Eu acho que poderá voltar a nevar em Lisboa  é tudo uma questão de organização por parte dos fenomenos atmosfericos e a não inturmissao do AA 

Se não nevar bom há mais para o ano e com maior probablidade de neve


----------



## ACalado (30 Jan 2008 às 00:44)

Ecotretas disse:


> Tenho referenciado sucessivamente que nos últimos dois anos nevou na região de Lisboa.
> O que acham? Voltará a nevar este ano em Lisboa?
> Ecotretas



boas bem vindo ao fórum  impossível não é. mas e muito pouco provável


----------



## squidward (30 Jan 2008 às 13:08)

Não sei, mas cá para mim este ano já não Neva. Vamos ver para o ano que vem


----------



## HotSpot (30 Jan 2008 às 16:53)

Estes 2 anos de neve deixaram o pessoal mal habituado.
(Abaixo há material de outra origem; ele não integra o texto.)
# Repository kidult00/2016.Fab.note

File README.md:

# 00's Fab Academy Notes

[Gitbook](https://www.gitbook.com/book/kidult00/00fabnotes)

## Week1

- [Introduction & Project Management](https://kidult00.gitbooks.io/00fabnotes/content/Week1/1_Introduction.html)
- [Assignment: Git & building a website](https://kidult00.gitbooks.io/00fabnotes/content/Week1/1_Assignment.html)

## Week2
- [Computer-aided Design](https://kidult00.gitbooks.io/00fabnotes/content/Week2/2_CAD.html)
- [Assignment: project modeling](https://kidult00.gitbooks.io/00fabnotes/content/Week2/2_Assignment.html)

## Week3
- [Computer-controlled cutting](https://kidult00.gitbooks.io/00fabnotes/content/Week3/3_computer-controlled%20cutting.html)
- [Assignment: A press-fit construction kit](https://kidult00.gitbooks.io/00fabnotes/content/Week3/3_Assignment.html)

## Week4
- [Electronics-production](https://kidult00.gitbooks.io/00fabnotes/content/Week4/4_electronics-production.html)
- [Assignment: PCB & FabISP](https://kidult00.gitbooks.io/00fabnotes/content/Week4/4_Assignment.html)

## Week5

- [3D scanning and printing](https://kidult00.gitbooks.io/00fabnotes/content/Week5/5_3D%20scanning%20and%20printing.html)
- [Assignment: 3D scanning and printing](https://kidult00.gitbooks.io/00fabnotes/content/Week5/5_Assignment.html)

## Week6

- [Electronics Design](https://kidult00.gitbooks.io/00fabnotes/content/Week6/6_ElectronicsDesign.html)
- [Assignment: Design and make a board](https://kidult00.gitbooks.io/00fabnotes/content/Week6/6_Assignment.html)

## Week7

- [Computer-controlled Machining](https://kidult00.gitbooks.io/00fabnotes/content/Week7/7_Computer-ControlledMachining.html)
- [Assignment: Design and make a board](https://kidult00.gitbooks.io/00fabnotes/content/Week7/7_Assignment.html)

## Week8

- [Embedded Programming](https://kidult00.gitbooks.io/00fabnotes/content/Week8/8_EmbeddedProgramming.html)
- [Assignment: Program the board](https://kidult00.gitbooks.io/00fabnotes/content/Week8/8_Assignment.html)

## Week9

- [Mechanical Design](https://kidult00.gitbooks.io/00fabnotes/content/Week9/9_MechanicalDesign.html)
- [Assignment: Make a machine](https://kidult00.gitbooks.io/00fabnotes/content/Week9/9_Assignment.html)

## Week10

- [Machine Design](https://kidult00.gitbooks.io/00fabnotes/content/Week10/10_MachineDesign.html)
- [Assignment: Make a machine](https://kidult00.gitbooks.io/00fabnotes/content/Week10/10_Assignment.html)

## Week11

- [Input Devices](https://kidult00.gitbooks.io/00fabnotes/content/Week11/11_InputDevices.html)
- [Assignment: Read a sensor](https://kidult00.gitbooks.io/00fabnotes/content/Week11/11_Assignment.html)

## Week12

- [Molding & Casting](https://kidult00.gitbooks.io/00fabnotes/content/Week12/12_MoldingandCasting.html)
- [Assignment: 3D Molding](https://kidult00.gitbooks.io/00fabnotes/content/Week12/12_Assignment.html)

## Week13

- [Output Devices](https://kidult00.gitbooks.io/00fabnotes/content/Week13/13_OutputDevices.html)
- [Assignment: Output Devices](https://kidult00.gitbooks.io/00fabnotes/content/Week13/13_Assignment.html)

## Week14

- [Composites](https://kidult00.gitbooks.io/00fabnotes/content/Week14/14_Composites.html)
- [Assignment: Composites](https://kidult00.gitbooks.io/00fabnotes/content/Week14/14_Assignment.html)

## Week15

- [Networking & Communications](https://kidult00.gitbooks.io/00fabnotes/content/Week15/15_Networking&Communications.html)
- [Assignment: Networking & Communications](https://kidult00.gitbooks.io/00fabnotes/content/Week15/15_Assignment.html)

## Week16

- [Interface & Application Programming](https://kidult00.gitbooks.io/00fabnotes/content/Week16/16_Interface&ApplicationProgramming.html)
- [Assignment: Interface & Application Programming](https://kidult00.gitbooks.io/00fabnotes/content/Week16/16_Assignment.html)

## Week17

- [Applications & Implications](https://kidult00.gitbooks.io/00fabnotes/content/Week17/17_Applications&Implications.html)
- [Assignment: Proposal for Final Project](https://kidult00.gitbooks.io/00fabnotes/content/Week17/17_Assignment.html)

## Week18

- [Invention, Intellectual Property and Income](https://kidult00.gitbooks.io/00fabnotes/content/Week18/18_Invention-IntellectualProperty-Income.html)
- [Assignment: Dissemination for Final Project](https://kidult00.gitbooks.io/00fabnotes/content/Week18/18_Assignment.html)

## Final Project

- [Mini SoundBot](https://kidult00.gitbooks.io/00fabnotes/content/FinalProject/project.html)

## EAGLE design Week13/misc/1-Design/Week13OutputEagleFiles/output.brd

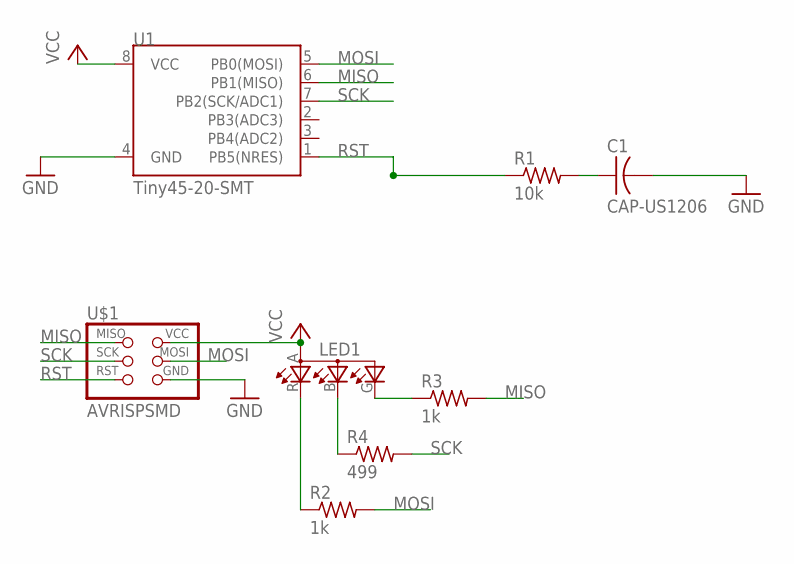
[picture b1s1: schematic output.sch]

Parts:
C1: CAP-US1206; C1206
LED1: LEDRGBOLD; P-LCC-4-3
R1: 10k; M1206
R2, R3: 1k; M1206
R4: 499; M1206
U1: Tiny45-20-SMT; SO08-EIAJ
U$1: AVRISPSMD; 2X03SMD

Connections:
GND: C1.2, U1.4 (GND), U$1.6 (GND)
MISO: R3.2, U1.6 (PB1(MISO)), U$1.1 (MISO)
MOSI: R2.2, U1.5 (PB0(MOSI)), U$1.4 (MOSI)
unnamed: C1.1, R1.2
unnamed: LED1.R (CRED), R2.1
unnamed: LED1.G (CGREEN), R3.1
unnamed: LED1.B (CBLUE), R4.1
RST: R1.1, U1.1 (PB5(NRES)), U$1.5 (RST)
SCK: R4.2, U1.7 (PB2(SCK/ADC1)), U$1.3 (SCK)
VCC: LED1.A (A2), U1.8 (VCC), U$1.2 (VCC)

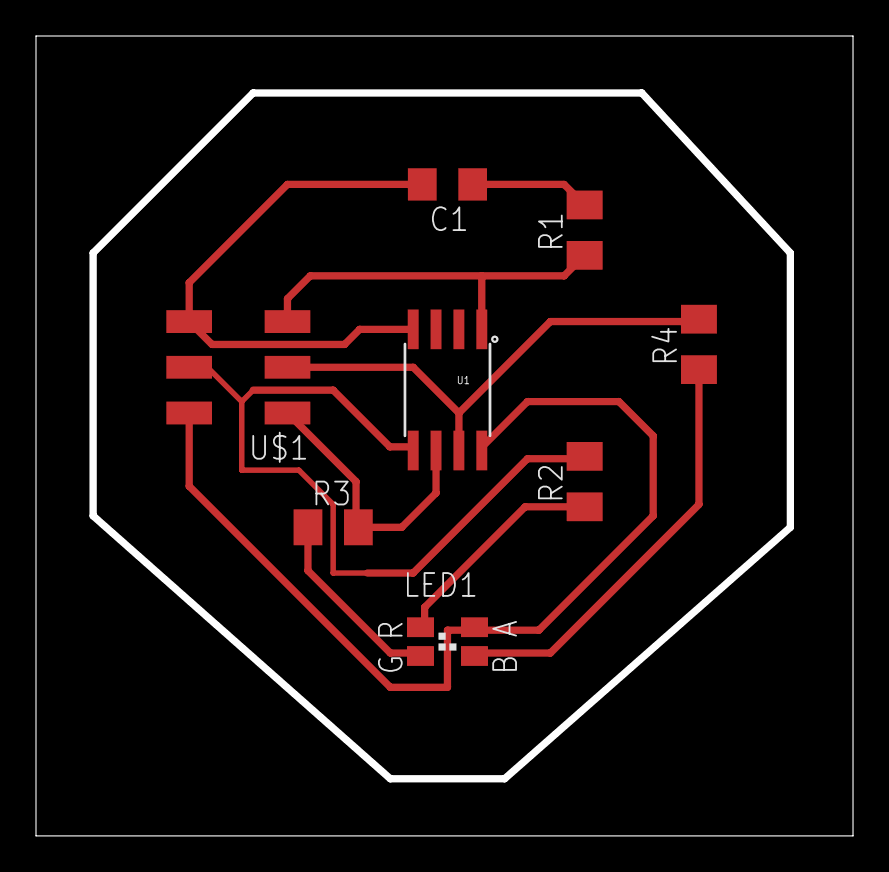
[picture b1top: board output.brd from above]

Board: 2 copper layers, 45.0 x 44.0 mm, 8 parts (0 on the bottom side), 10 nets.

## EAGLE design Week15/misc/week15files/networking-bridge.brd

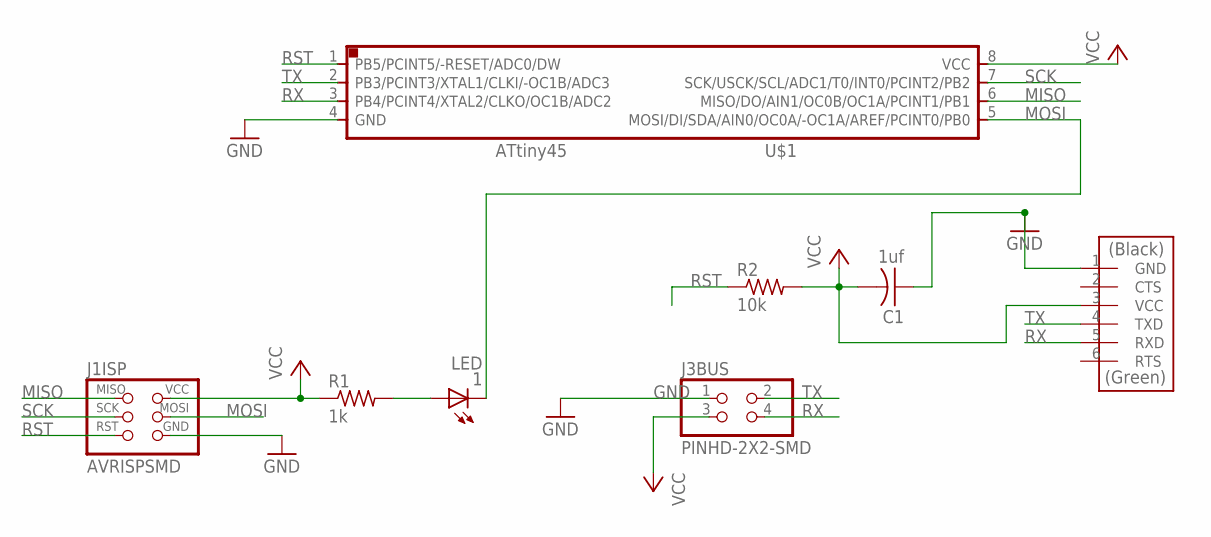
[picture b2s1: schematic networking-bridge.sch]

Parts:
1: LED; LED1206
C1: 1uf; C1206FAB
J1ISP: AVRISPSMD; 2X03SMD
J3BUS: PINHD-2X2-SMD; 2X02SMD
R1: 1k; R1206
R2: 10k; R1206
U$1: ATTINY45SI; SOIC8
U$2: FTDI-SMD-HEADER; 1X06SMD

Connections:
GND: C1.1, J1ISP.6 (GND), J3BUS.1, U$1.4 (GND), U$2.1 (GND)
MISO: J1ISP.1 (MISO), U$1.6 (MISO/DO/AIN1/OC0B/OC1A/PCINT1/PB1)
MOSI: 1.2 (C), J1ISP.4 (MOSI), U$1.5 (MOSI/DI/SDA/AIN0/OC0A/-OC1A/AREF/PCINT0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)
unnamed: 1.1 (A), R1.2
RST: J1ISP.5 (RST), R2.1, U$1.1 (PB5/PCINT5/-RESET/ADC0/DW)
RX: J3BUS.4, U$1.3 (PB4/PCINT4/XTAL2/CLKO/OC1B/ADC2), U$2.5 (RXD)
SCK: J1ISP.3 (SCK), U$1.7 (SCK/USCK/SCL/ADC1/T0/INT0/PCINT2/PB2)
TX: J3BUS.2, U$1.2 (PB3/PCINT3/XTAL1/CLKI/-OC1B/ADC3), U$2.4 (TXD)
VCC: C1.2, J1ISP.2 (VCC), J3BUS.3, R1.1, R2.2, U$1.8 (VCC), U$2.3 (VCC)

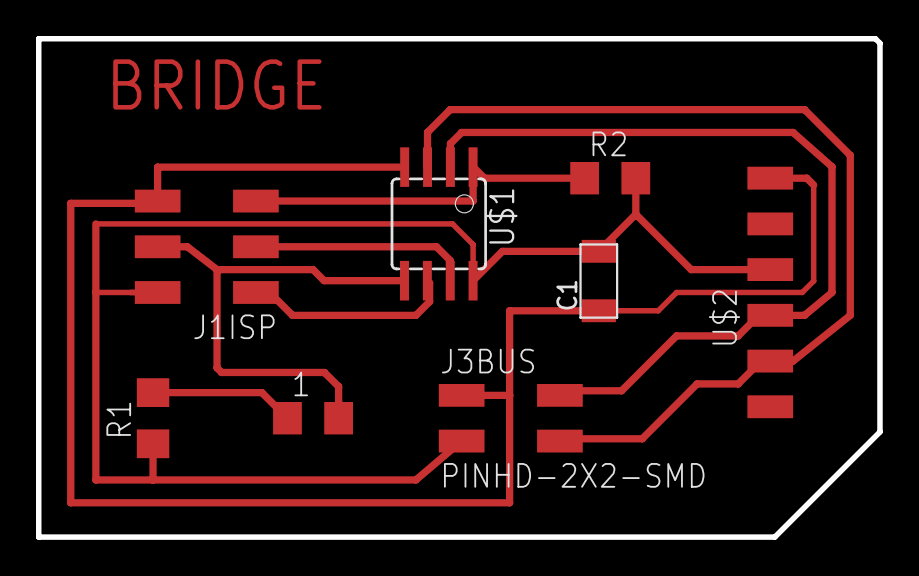
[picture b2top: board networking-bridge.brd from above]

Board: 2 copper layers, 46.7 x 27.7 mm, 8 parts (0 on the bottom side), 9 nets.

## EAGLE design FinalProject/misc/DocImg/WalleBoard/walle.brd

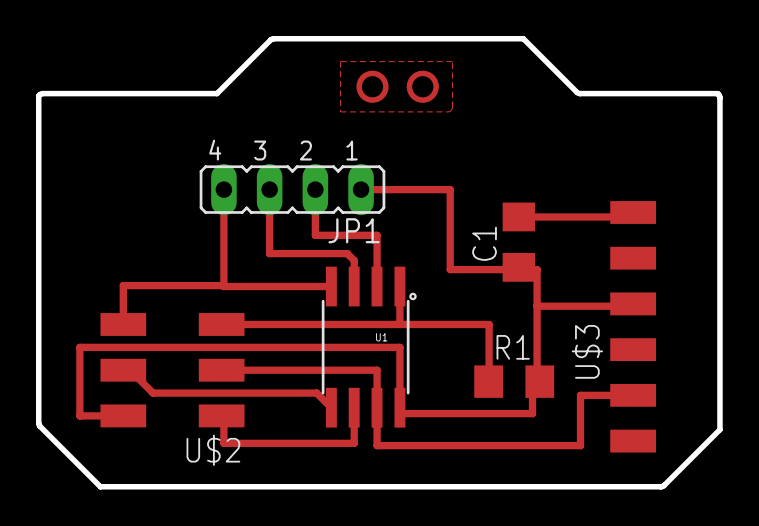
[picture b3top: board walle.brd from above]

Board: 2 copper layers, 37.8 x 24.9 mm, 6 parts (0 on the bottom side), 9 nets.

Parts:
C1: C1206
JP1: JP4
R1: R1206
U1: Tiny45-20-SMT; SO08-EIAJ
U$2: AVRISPSMD; 2X03SMD
U$3: FTDI-SMD-HEADER; 1X06SMD

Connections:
ECHO: JP1.3, U1.3
GND: JP1.4, U1.4, U$2.6
MISO: U1.6, U$2.1
MOSI: U1.5, U$2.4
unnamed: C1.1, JP1.1, R1.2, U1.8, U$2.2, U$3.3
unnamed: C1.2, U$3.1
PB5: R1.1, U1.1, U$2.5
SCK: U1.7, U$2.3, U$3.5
TRIG: JP1.2, U1.2

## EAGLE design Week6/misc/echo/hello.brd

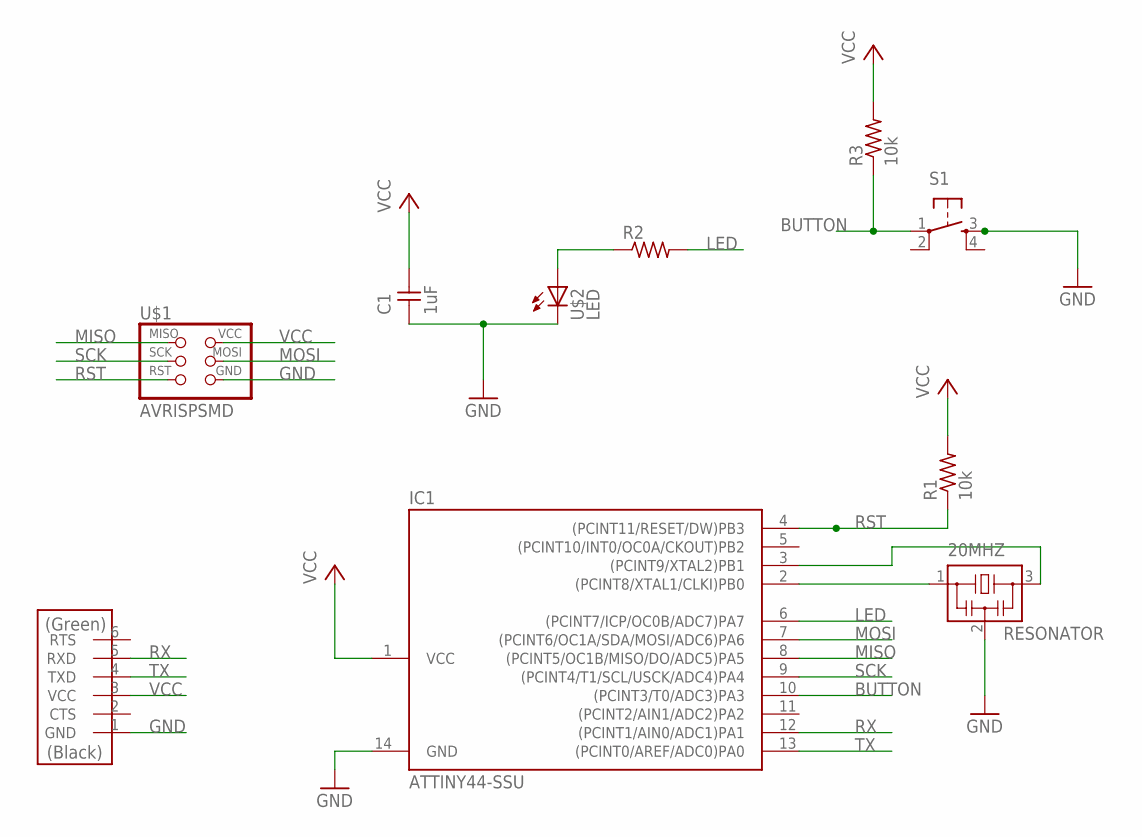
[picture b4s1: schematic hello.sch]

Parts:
20MHZ: RESONATOR; EFOBM
C1: 1uF; C1206
IC1: ATTINY44-SSU; SOIC14
R1, R3: 10k; R1206
R2: RES-US1206; R1206
S1: 6MM_SWITCH6MM_SWITCH; 6MM_SWITCH
U$1: AVRISPSMD; 2X03SMD
U$2: LED; LED1206
U$4: FTDI-SMD-HEADER; 1X06SMD

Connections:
BUTTON: IC1.10 ((PCINT3/T0/ADC3)PA3), R3.1, S1.1
GND: 20MHZ.2, C1.1, IC1.14 (GND), S1.3 (S), U$1.6 (GND), U$2.2 (C), U$4.1 (GND)
LED: IC1.6 ((PCINT7/ICP/OC0B/ADC7)PA7), R2.2
MISO: IC1.8 ((PCINT5/OC1B/MISO/DO/ADC5)PA5), U$1.1 (MISO)
MOSI: IC1.7 ((PCINT6/OC1A/SDA/MOSI/ADC6)PA6), U$1.4 (MOSI)
unnamed: R2.1, U$2.1 (A)
unnamed: 20MHZ.3, IC1.3 ((PCINT9/XTAL2)PB1)
unnamed: 20MHZ.1, IC1.2 ((PCINT8/XTAL1/CLKI)PB0)
RST: IC1.4 ((PCINT11/RESET/DW)PB3), R1.1, U$1.5 (RST)
RX: IC1.12 ((PCINT1/AIN0/ADC1)PA1), U$4.5 (RXD)
SCK: IC1.9 ((PCINT4/T1/SCL/USCK/ADC4)PA4), U$1.3 (SCK)
TX: IC1.13 ((PCINT0/AREF/ADC0)PA0), U$4.4 (TXD)
VCC: C1.2, IC1.1 (VCC), R1.2, R3.2, U$1.2 (VCC), U$4.3 (VCC)

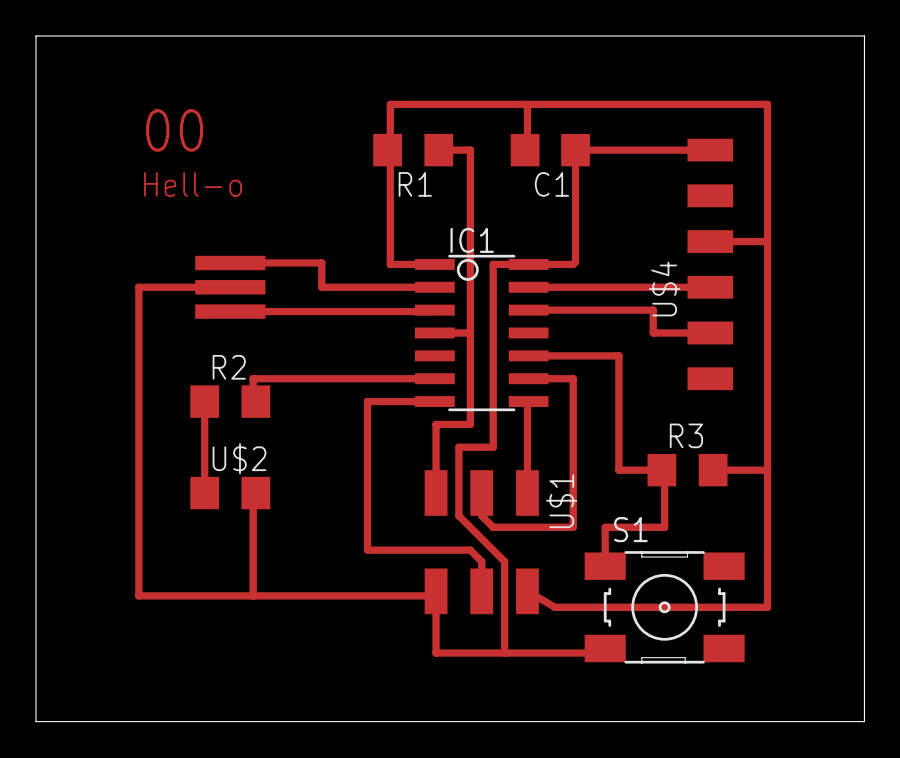
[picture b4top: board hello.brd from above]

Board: 2 copper layers, 46.0 x 38.1 mm, 10 parts (0 on the bottom side), 13 nets.

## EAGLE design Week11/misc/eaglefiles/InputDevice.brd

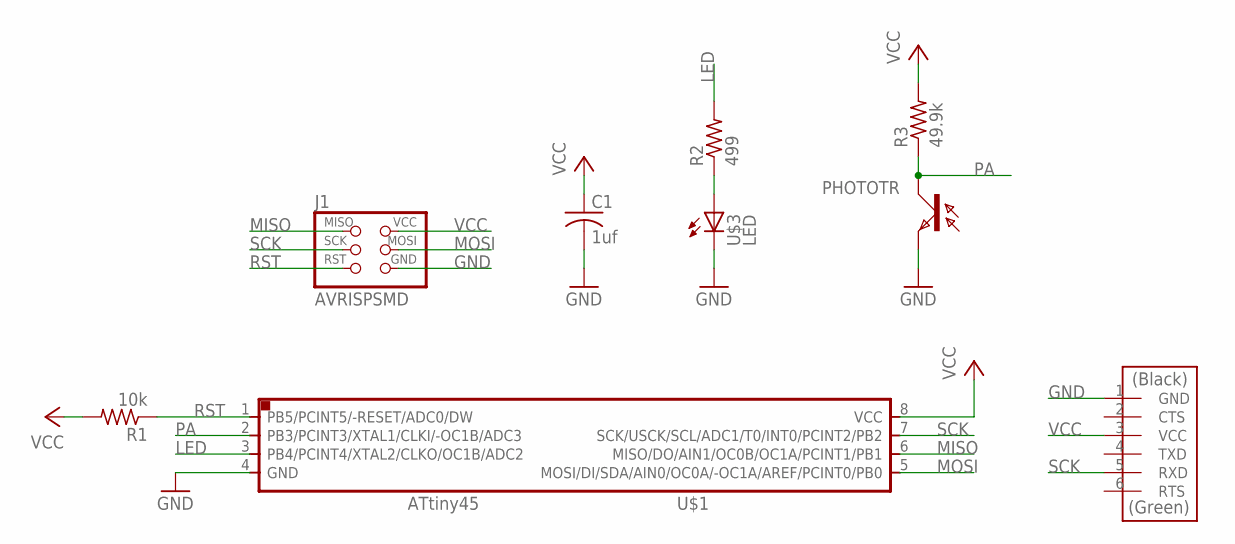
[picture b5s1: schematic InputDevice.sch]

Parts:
C1: 1uf; C1206
J1: AVRISPSMD; 2X03SMD
PHOTOTR: PHOTOTRANSISTOR-NPN1206; OP1206
R1: 10k; R1206
R2: 499; 1206
R3: 49.9k; 1206
U$1: ATTINY45SI; SOIC8
U$3: LED; 1206
U$4: FTDI-SMD-HEADER; 1X06SMD

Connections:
GND: C1.2, J1.6 (GND), PHOTOTR.EMITTER (E), U$1.4 (GND), U$3.2 (C), U$4.1 (GND)
LED: R2.2, U$1.3 (PB4/PCINT4/XTAL2/CLKO/OC1B/ADC2)
MISO: J1.1 (MISO), U$1.6 (MISO/DO/AIN1/OC0B/OC1A/PCINT1/PB1)
MOSI: J1.4 (MOSI), U$1.5 (MOSI/DI/SDA/AIN0/OC0A/-OC1A/AREF/PCINT0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)
unnamed: R2.1, U$3.1 (A)
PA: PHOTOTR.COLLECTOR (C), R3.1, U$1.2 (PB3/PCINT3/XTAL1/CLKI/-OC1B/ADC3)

Já pensara que o mais certo é em LX agora só nevar daqui a 30, 40 ou 50 anos...

Vamos ser realistas


----------



## mafr (30 Jan 2008 às 18:00)

*Voltará a nevar este ano em Lisboa*?

Si. Considerando que só há a possibilidade de nevar no inverno e que este tem 90 dias. Considerando ainda que nos últimos 50 anos nevou 2 ou 3 vezes, ou seja 2 ou 3 vezes em 4500 dias possíveis, eu diria que este ano nevará certamente em Lisboa com uma probabilidade de 0,06666%.


----------



## Nuno (30 Jan 2008 às 18:08)

mafr disse:


> *Voltará a nevar este ano em Lisboa*?
> 
> Si. Considerando que só há a possibilidade de nevar no inverno e que este tem 90 dias. Considerando ainda que nos últimos 50 anos nevou 2 ou 3 vezes, ou seja 2 ou 3 vezes em 4500 dias possíveis, eu diria que este ano nevará certamente em Lisboa com uma probabilidade de 0,06666%.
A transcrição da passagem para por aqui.